[A photograph for newspaper use is available at http://www.clarkson.edu/news/photos/minko.jpg]
Newswise — What makes a nanocomposite material "smart" ? Consider clothing that can detect the presence of chemical weapons, automatically seal its own pores, and then clean and decontaminate itself. Today the U.S. Department of Defense is funding research for fabric materials that do all these things and are also stronger, more durable, and lighter than current uniforms.
Smart materials are becoming a reality and one of the world's leading experts in the field is Sergiy Minko, who holds the Egon Matijevic´ Chair of Chemistry at Clarkson University.
Minko's research explores responsive functional material based on self-assembly in polymer and colloidal systems. By studying the behavior of single molecules and the assembly of a few molecules, Minko explained, researchers are learning how nature assembles and reassembles molecules to achieve certain properties. Certain natural materials are capable of smart responses via external stimuli such as temperature or an acidic or base environment.
"Skin is a good example of a material capable of smart responses based on outside stimuli," he said. "The pores open and close based on temperature and humidity and thus help the body to regulate its internal temperature.

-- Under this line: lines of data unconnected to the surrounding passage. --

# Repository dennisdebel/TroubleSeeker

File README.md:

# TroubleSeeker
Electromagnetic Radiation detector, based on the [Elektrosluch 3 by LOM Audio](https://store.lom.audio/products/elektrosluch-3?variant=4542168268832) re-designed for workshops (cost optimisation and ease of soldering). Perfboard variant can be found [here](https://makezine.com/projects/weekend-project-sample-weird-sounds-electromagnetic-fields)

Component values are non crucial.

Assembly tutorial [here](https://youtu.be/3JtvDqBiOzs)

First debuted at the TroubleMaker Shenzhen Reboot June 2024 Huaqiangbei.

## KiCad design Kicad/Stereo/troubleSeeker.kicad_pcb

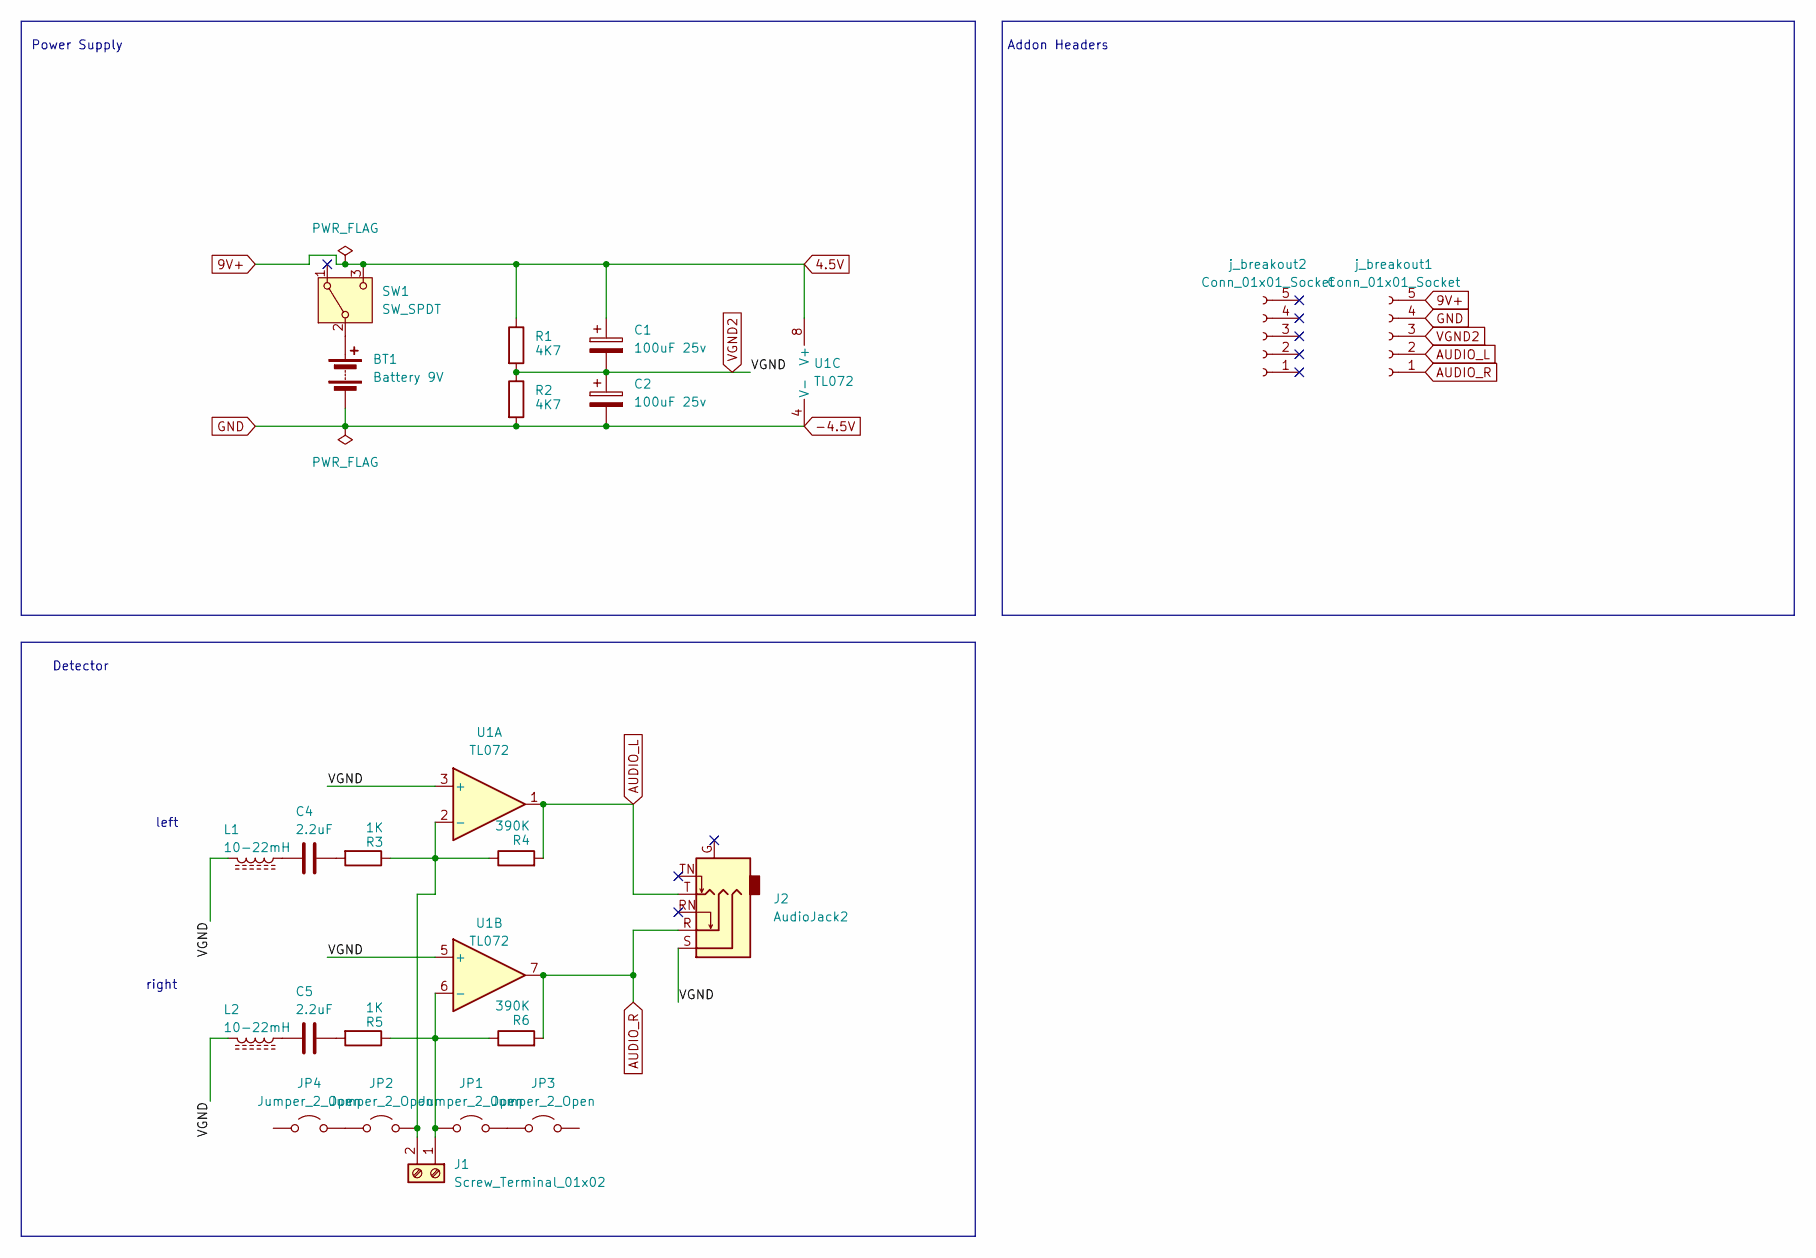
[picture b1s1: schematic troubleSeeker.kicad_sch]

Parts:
BT1: Battery 9V; BatteryHolder_Eagle_12BH611-GR
C1, C2: 100uF 25v; CP_Radial_D8.0mm_P5.00mm
C4, C5: 2.2uF; C_Rect_L7.2mm_W3.0mm_P5.00mm_FKS2_FKP2_MKS2_MKP2
J1: Screw_Terminal_01x02; TerminalBlock_MaiXu_MX126-5.0-02P_1x02_P5.00mm
J2: AudioJack2; Jack_3.5mm_CUI_SJ1-3525N_Horizontal
JP1, JP2, JP3, JP4: Jumper_2_Open; SolderJumper-2_P1.3mm_Open_RoundedPad1.0x1.5mm
L1, L2: 10-22mH; L_Radial_D8.7mm_P5.00mm_Fastron_07HCP
R1, R2: 4K7; R_Axial_DIN0207_L6.3mm_D2.5mm_P10.16mm_Horizontal
R3, R5: 1K; R_Axial_DIN0207_L6.3mm_D2.5mm_P10.16mm_Horizontal
R4, R6: 390K; R_Axial_DIN0207_L6.3mm_D2.5mm_P10.16mm_Horizontal
SW1: SW_SPDT; SW_Slide_SPDT_Angled_CK_OS102011MA1Q
U1: TL072; DIP-8_W7.62mm_Socket_LongPads
j_breakout1, j_breakout2: Conn_01x01_Socket; PinHeader_1x05_P2.54mm_Vertical

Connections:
4.5V: C1.1, R1.1, SW1.3 (C), U1.8 (V+), j_breakout1.5
-4.5V: BT1.2 (-), C2.2, R2.2, U1.4 (V-), j_breakout1.4
AUDIO_L: J2.T, R4.2, U1.1, j_breakout1.2
AUDIO_R: J2.R, R6.2, U1.7, j_breakout1.1
unnamed: BT1.1 (+), SW1.2 (B)
unnamed: C4.1, R3.2
unnamed: C4.2, L1.1
unnamed: C5.1, R5.2
unnamed: C5.2, L2.1
unnamed: J1.1, JP1.1 (A), R5.1, R6.1, U1.6 (-)
unnamed: J1.2, JP2.2 (B), R3.1, R4.1, U1.2 (-)
unnamed: JP1.2 (B), JP3.1 (A)
unnamed: JP2.1 (A), JP4.2 (B)
VGND2: C1.2, C2.1, J2.S, L1.2, L2.2, R1.2, R2.1, U1.3 (+), U1.5 (+), j_breakout1.3

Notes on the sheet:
Detector
Power Supply
Addon Headers
right
left

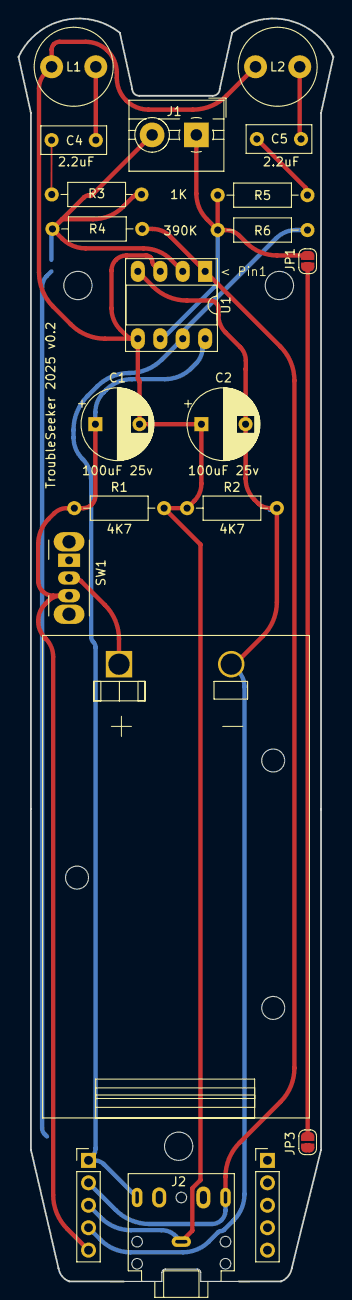
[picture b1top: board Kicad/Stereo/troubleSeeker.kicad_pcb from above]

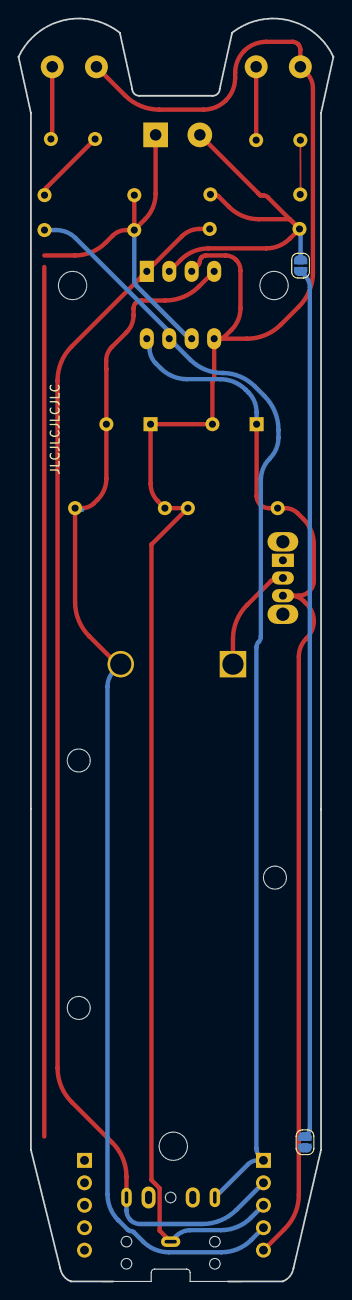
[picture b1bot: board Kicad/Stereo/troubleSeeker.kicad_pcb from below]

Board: 2 copper layers, 35.6 x 142.9 mm, 23 parts (3 on the bottom side), 14 nets.

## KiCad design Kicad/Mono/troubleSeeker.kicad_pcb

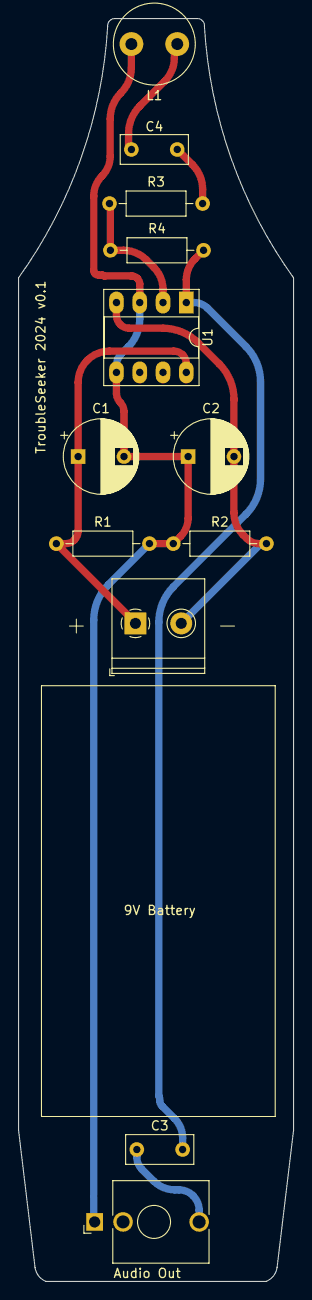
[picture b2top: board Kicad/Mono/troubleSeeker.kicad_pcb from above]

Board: 2 copper layers, 30.0 x 137.8 mm, 12 parts (0 on the bottom side), 8 nets.

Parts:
9V Battery: Battery 9V; TerminalBlock_Philmore_TB132_1x02_P5.00mm_Horizontal
Audio Out: AudioJack2; Jack_3.5mm_QingPu_WQP-PJ398SM_Vertical_CircularHoles
C1, C2: 100uF 25v; CP_Radial_D8.0mm_P5.00mm
C3, C4: 2.2uF; C_Rect_L7.2mm_W3.0mm_P5.00mm_FKS2_FKP2_MKS2_MKP2
L1: 10-22mH; L_Radial_D8.7mm_P5.00mm_Fastron_07HCP
R1, R2: 4K7; R_Axial_DIN0207_L6.3mm_D2.5mm_P10.16mm_Horizontal
R3: 1K; R_Axial_DIN0207_L6.3mm_D2.5mm_P10.16mm_Horizontal
R4: 390K; R_Axial_DIN0207_L6.3mm_D2.5mm_P10.16mm_Horizontal
U1: TL072; DIP-8_W7.62mm_Socket_LongPads

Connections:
/VGND: Audio Out.S, C1.2, C2.1, L1.2, R1.2, R2.1, U1.3 (+), U1.5 (+)
unnamed: 9V Battery.1 (+), C1.1, R1.1, U1.8 (V+)
unnamed: 9V Battery.2 (-), C2.2, R2.2, U1.4 (V-)
unnamed: Audio Out.T, C3.1
unnamed: C3.2, R4.2, U1.1
unnamed: C4.1, R3.2
unnamed: C4.2, L1.1
unnamed: R3.1, R4.1, U1.2 (-)

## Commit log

2024-07-11 Added production files
2024-07-11 Added Kicad files
2024-07-11 Added Image
2024-07-12 Update README.md
    Added tutorial
2025-02-17 Added Stereo Design
2025-02-17 Replaced switch
2025-02-18 added gerbers
2025-02-18 minor adjustments

Our interests are in understanding how nature has programmed these molecules to react this way and then to recreate the process synthetically."
At Clarkson, Minko has established the interdisciplinary Nanostructured Materials Group with S.V. Babu, professor of Chemical Engineering, and Igor Sokolov, professor of Physics to explore fabrication and study of synthetic and biomaterials at nanoscale, with a special interest in materials for biomedical application, sensors and molecular electronics.
Their research focuses on smart/responsive polymer materials, smart colloids, nanostructured thin polymer films, formation of nanowires and nanoparticles, adhesion, wetting, adsorption regulations, single molecule devices, and combinatorial methods in materials science. Applications include smart pores (membranes), responsive colloids and capsules, microvalves and pumps, environment-responsive lithography, smart textiles, and hydrophilic/hydrophobic switches.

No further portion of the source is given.